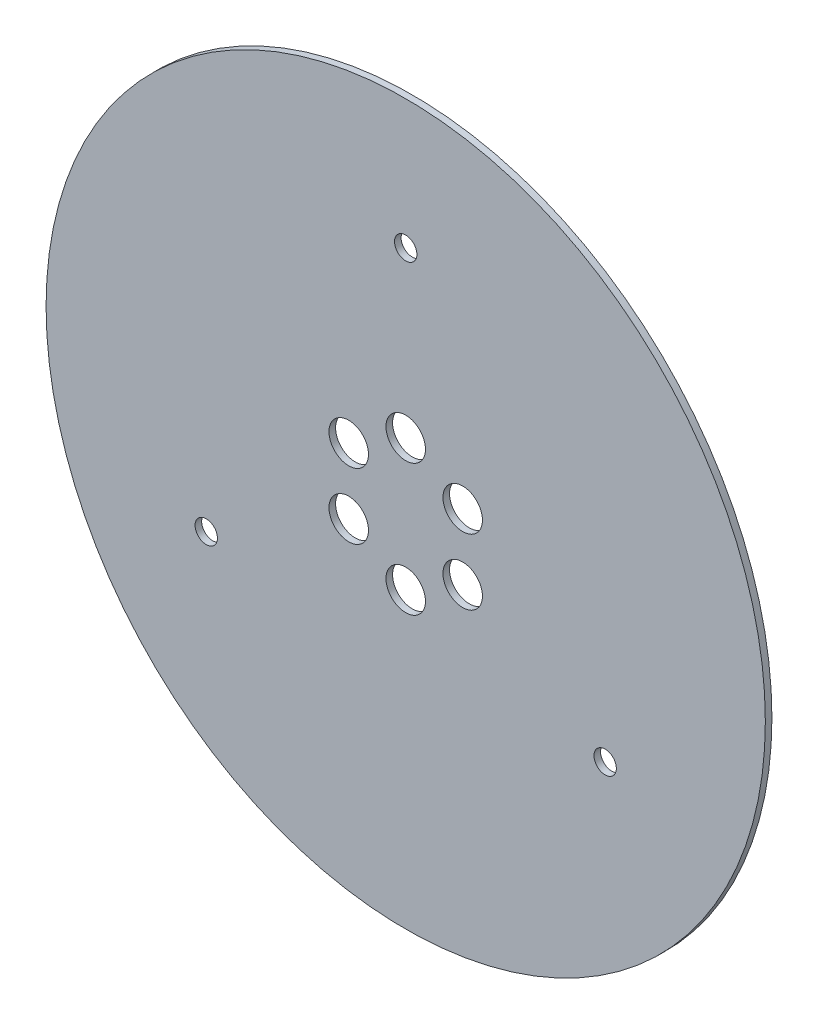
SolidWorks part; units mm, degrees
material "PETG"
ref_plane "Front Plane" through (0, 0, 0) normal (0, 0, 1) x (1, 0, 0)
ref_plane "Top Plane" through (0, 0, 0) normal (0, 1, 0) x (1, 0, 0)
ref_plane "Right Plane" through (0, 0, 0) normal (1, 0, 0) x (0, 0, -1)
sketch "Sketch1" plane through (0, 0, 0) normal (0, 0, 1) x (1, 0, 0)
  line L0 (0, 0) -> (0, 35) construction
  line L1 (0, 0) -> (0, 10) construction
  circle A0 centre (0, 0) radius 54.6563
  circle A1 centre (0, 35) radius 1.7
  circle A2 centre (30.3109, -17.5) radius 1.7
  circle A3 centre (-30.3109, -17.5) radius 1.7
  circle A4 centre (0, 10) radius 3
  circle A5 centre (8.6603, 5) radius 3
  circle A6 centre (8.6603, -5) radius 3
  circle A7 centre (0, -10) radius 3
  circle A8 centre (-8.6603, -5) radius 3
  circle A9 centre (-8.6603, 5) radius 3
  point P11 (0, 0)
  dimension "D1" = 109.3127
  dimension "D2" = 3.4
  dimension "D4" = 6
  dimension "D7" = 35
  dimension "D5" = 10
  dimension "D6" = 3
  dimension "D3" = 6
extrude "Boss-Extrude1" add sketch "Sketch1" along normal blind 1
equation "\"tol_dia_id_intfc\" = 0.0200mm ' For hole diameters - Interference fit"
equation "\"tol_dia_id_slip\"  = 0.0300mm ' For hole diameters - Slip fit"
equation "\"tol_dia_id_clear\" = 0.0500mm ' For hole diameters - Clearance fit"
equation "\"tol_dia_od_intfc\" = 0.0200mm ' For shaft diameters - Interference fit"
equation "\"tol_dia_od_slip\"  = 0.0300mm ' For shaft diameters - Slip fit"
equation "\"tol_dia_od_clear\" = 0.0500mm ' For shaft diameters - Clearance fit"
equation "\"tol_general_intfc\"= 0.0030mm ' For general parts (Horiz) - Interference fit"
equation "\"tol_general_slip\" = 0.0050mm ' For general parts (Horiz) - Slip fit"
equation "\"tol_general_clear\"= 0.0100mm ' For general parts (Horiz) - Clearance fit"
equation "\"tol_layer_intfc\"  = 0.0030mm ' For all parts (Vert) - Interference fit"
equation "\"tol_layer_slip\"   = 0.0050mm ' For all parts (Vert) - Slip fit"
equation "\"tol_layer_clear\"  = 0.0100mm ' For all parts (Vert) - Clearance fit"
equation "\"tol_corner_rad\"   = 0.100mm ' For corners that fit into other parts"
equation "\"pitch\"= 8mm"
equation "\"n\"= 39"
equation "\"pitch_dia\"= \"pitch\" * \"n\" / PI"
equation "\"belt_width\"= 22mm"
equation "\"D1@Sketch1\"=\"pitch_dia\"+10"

------------------------------

# PROBLEM DETAILS
Repeat the material above word for word and skip every image in it.

# RESPONSE BELOW
SolidWorks part; units mm, degrees
material "PETG"
ref_plane "Front Plane" through (0, 0, 0) normal (0, 0, 1) x (1, 0, 0)
ref_plane "Top Plane" through (0, 0, 0) normal (0, 1, 0) x (1, 0, 0)
ref_plane "Right Plane" through (0, 0, 0) normal (1, 0, 0) x (0, 0, -1)
sketch "Sketch1" plane through (0, 0, 0) normal (0, 0, 1) x (1, 0, 0)
  line L0 (0, 0) -> (0, 35) construction
  line L1 (0, 0) -> (0, 10) construction
  circle A0 centre (0, 0) radius 54.6563
  circle A1 centre (0, 35) radius 1.7
  circle A2 centre (30.3109, -17.5) radius 1.7
  circle A3 centre (-30.3109, -17.5) radius 1.7
  circle A4 centre (0, 10) radius 3
  circle A5 centre (8.6603, 5) radius 3
  circle A6 centre (8.6603, -5) radius 3
  circle A7 centre (0, -10) radius 3
  circle A8 centre (-8.6603, -5) radius 3
  circle A9 centre (-8.6603, 5) radius 3
  point P11 (0, 0)
  dimension "D1" = 109.3127
  dimension "D2" = 3.4
  dimension "D4" = 6
  dimension "D7" = 35
  dimension "D5" = 10
  dimension "D6" = 3
  dimension "D3" = 6
extrude "Boss-Extrude1" add sketch "Sketch1" along normal blind 1
equation "\"tol_dia_id_intfc\" = 0.0200mm ' For hole diameters - Interference fit"
equation "\"tol_dia_id_slip\"  = 0.0300mm ' For hole diameters - Slip fit"
equation "\"tol_dia_id_clear\" = 0.0500mm ' For hole diameters - Clearance fit"
equation "\"tol_dia_od_intfc\" = 0.0200mm ' For shaft diameters - Interference fit"
equation "\"tol_dia_od_slip\"  = 0.0300mm ' For shaft diameters - Slip fit"
equation "\"tol_dia_od_clear\" = 0.0500mm ' For shaft diameters - Clearance fit"
equation "\"tol_general_intfc\"= 0.0030mm ' For general parts (Horiz) - Interference fit"
equation "\"tol_general_slip\" = 0.0050mm ' For general parts (Horiz) - Slip fit"
equation "\"tol_general_clear\"= 0.0100mm ' For general parts (Horiz) - Clearance fit"
equation "\"tol_layer_intfc\"  = 0.0030mm ' For all parts (Vert) - Interference fit"
equation "\"tol_layer_slip\"   = 0.0050mm ' For all parts (Vert) - Slip fit"
equation "\"tol_layer_clear\"  = 0.0100mm ' For all parts (Vert) - Clearance fit"
equation "\"tol_corner_rad\"   = 0.100mm ' For corners that fit into other parts"
equation "\"pitch\"= 8mm"
equation "\"n\"= 39"
equation "\"pitch_dia\"= \"pitch\" * \"n\" / PI"
equation "\"belt_width\"= 22mm"
equation "\"D1@Sketch1\"=\"pitch_dia\"+10"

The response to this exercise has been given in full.